- _Action item_
The data is to be repeated exactly, with the images removed.

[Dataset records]

┌──

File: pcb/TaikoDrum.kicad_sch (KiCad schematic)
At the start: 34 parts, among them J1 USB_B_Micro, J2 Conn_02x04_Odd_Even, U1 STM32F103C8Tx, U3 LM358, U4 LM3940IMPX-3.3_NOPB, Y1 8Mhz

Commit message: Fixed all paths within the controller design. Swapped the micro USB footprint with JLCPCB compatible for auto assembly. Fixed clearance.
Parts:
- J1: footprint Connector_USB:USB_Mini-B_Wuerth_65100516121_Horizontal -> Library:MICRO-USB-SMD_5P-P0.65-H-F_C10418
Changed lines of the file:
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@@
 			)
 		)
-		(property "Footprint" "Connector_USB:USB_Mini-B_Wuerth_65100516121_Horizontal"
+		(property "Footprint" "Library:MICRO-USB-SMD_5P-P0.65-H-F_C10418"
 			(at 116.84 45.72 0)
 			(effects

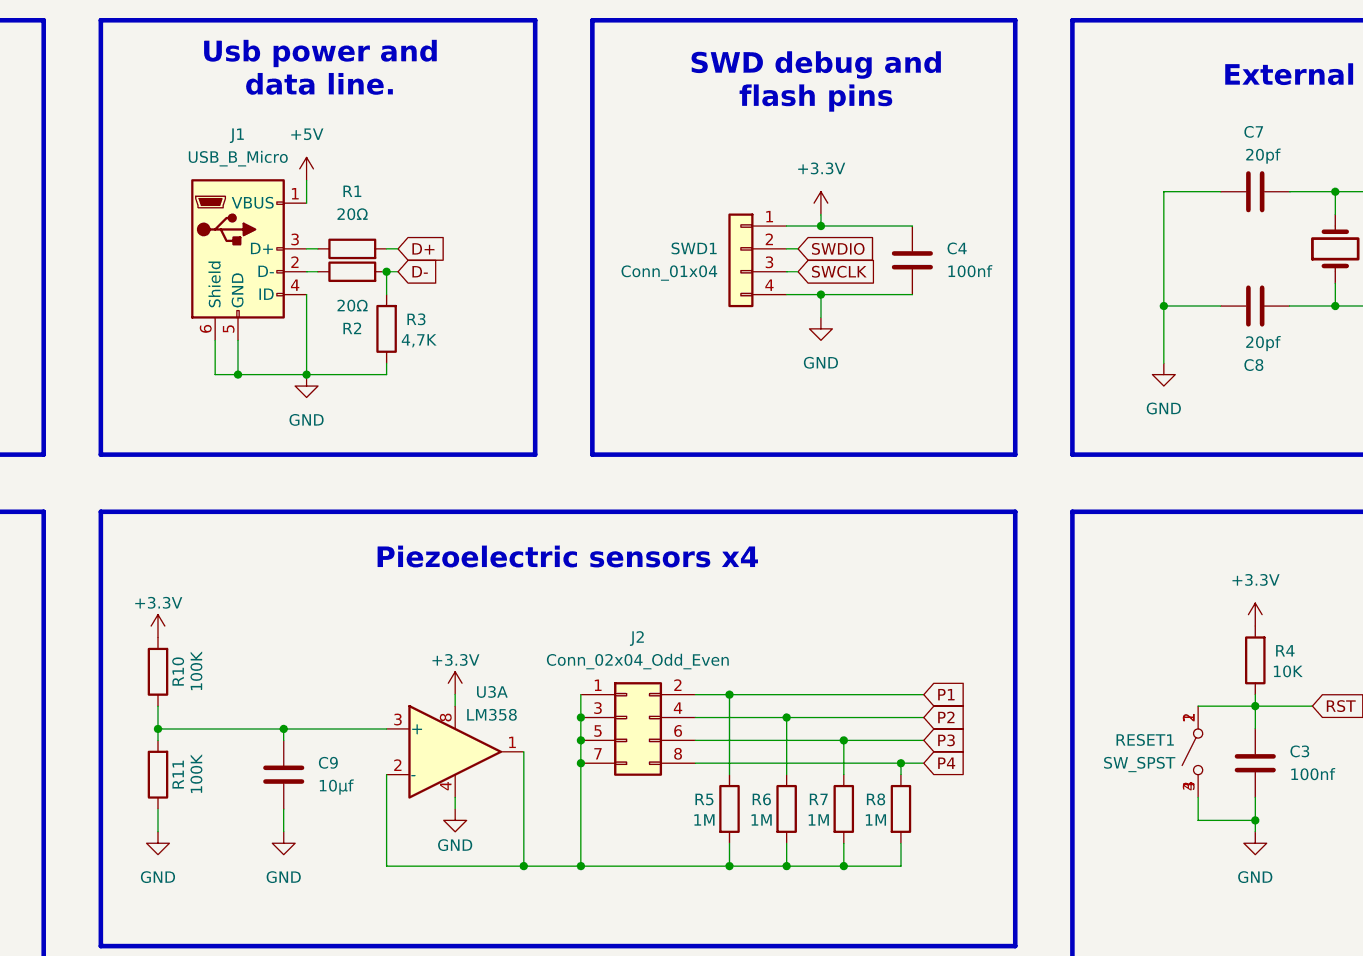
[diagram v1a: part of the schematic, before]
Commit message: Fixed the D+ line. the PCB schematic and layout is now 100% fully workable design. Fixed the button connection to be compatible with most generic tactile switches.
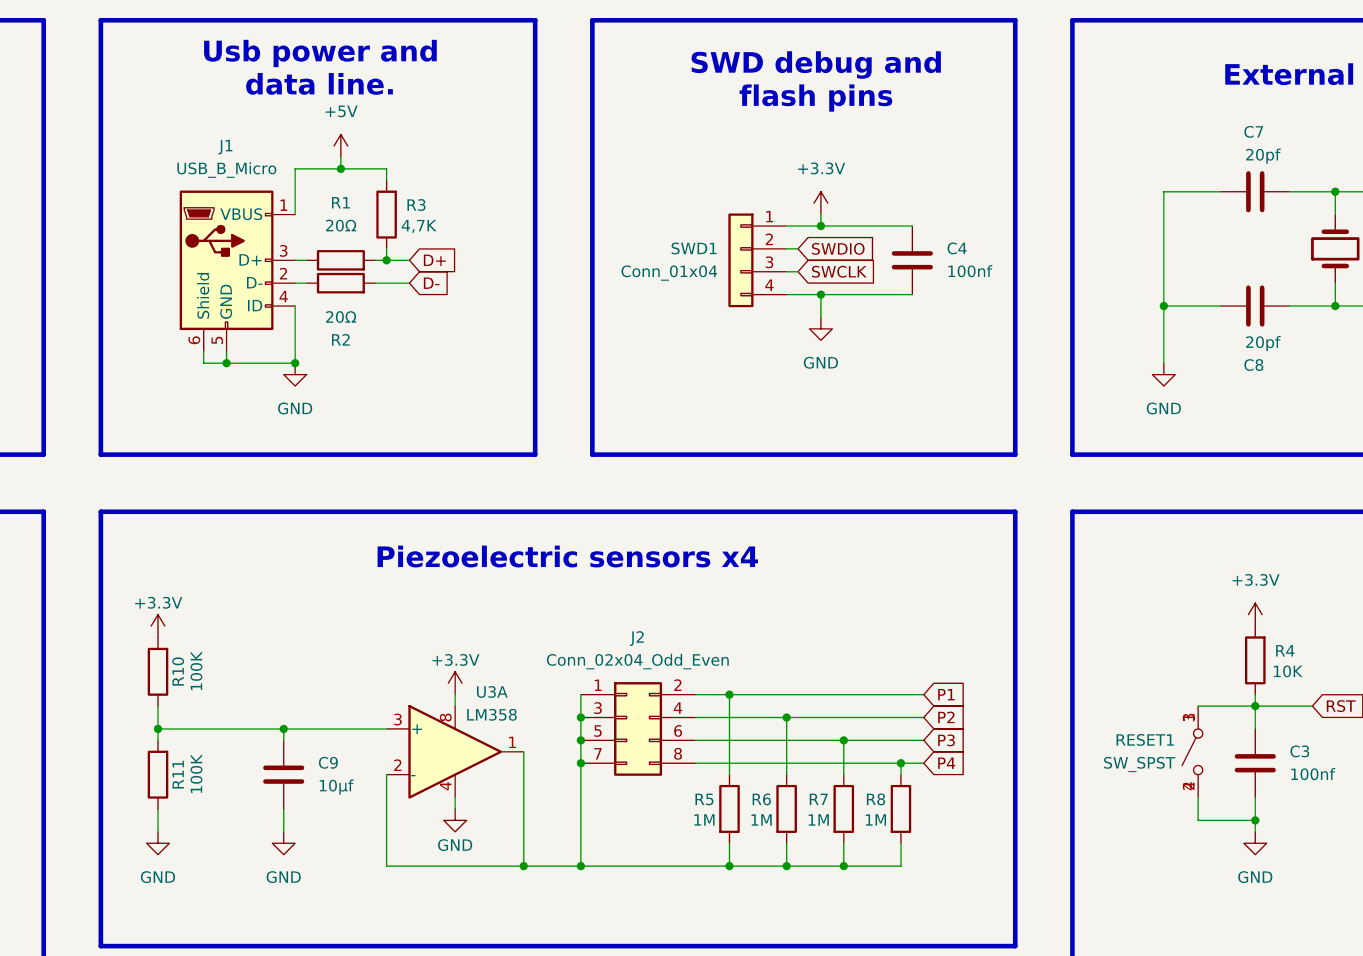
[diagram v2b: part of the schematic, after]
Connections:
- net +5V: now also R3.2
- net D+: now also R3.1
- net D-: no longer R3.2
- net GND: now also RESET1.2 (B); no longer R3.1, RESET1.3 (A)
- net RST: now also RESET1.3 (A); no longer RESET1.2 (B)
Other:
- moved on the sheet: J1, R1, R2, R3

└──

- _Answer below_
File: pcb/TaikoDrum.kicad_sch (KiCad schematic)
At the start: 34 parts, among them J1 USB_B_Micro, J2 Conn_02x04_Odd_Even, U1 STM32F103C8Tx, U3 LM358, U4 LM3940IMPX-3.3_NOPB, Y1 8Mhz

Commit message: Fixed all paths within the controller design. Swapped the micro USB footprint with JLCPCB compatible for auto assembly. Fixed clearance.
Parts:
- J1: footprint Connector_USB:USB_Mini-B_Wuerth_65100516121_Horizontal -> Library:MICRO-USB-SMD_5P-P0.65-H-F_C10418
Changed lines of the file:
@@
 			)
 		)
-		(property "Footprint" "Connector_USB:USB_Mini-B_Wuerth_65100516121_Horizontal"
+		(property "Footprint" "Library:MICRO-USB-SMD_5P-P0.65-H-F_C10418"
 			(at 116.84 45.72 0)
 			(effects

[diagram v1a: part of the schematic, before]
Commit message: Fixed the D+ line. the PCB schematic and layout is now 100% fully workable design. Fixed the button connection to be compatible with most generic tactile switches.
[diagram v2b: part of the schematic, after]
Connections:
- net +5V: now also R3.2
- net D+: now also R3.1
- net D-: no longer R3.2
- net GND: now also RESET1.2 (B); no longer R3.1, RESET1.3 (A)
- net RST: now also RESET1.3 (A); no longer RESET1.2 (B)
Other:
- moved on the sheet: J1, R1, R2, R3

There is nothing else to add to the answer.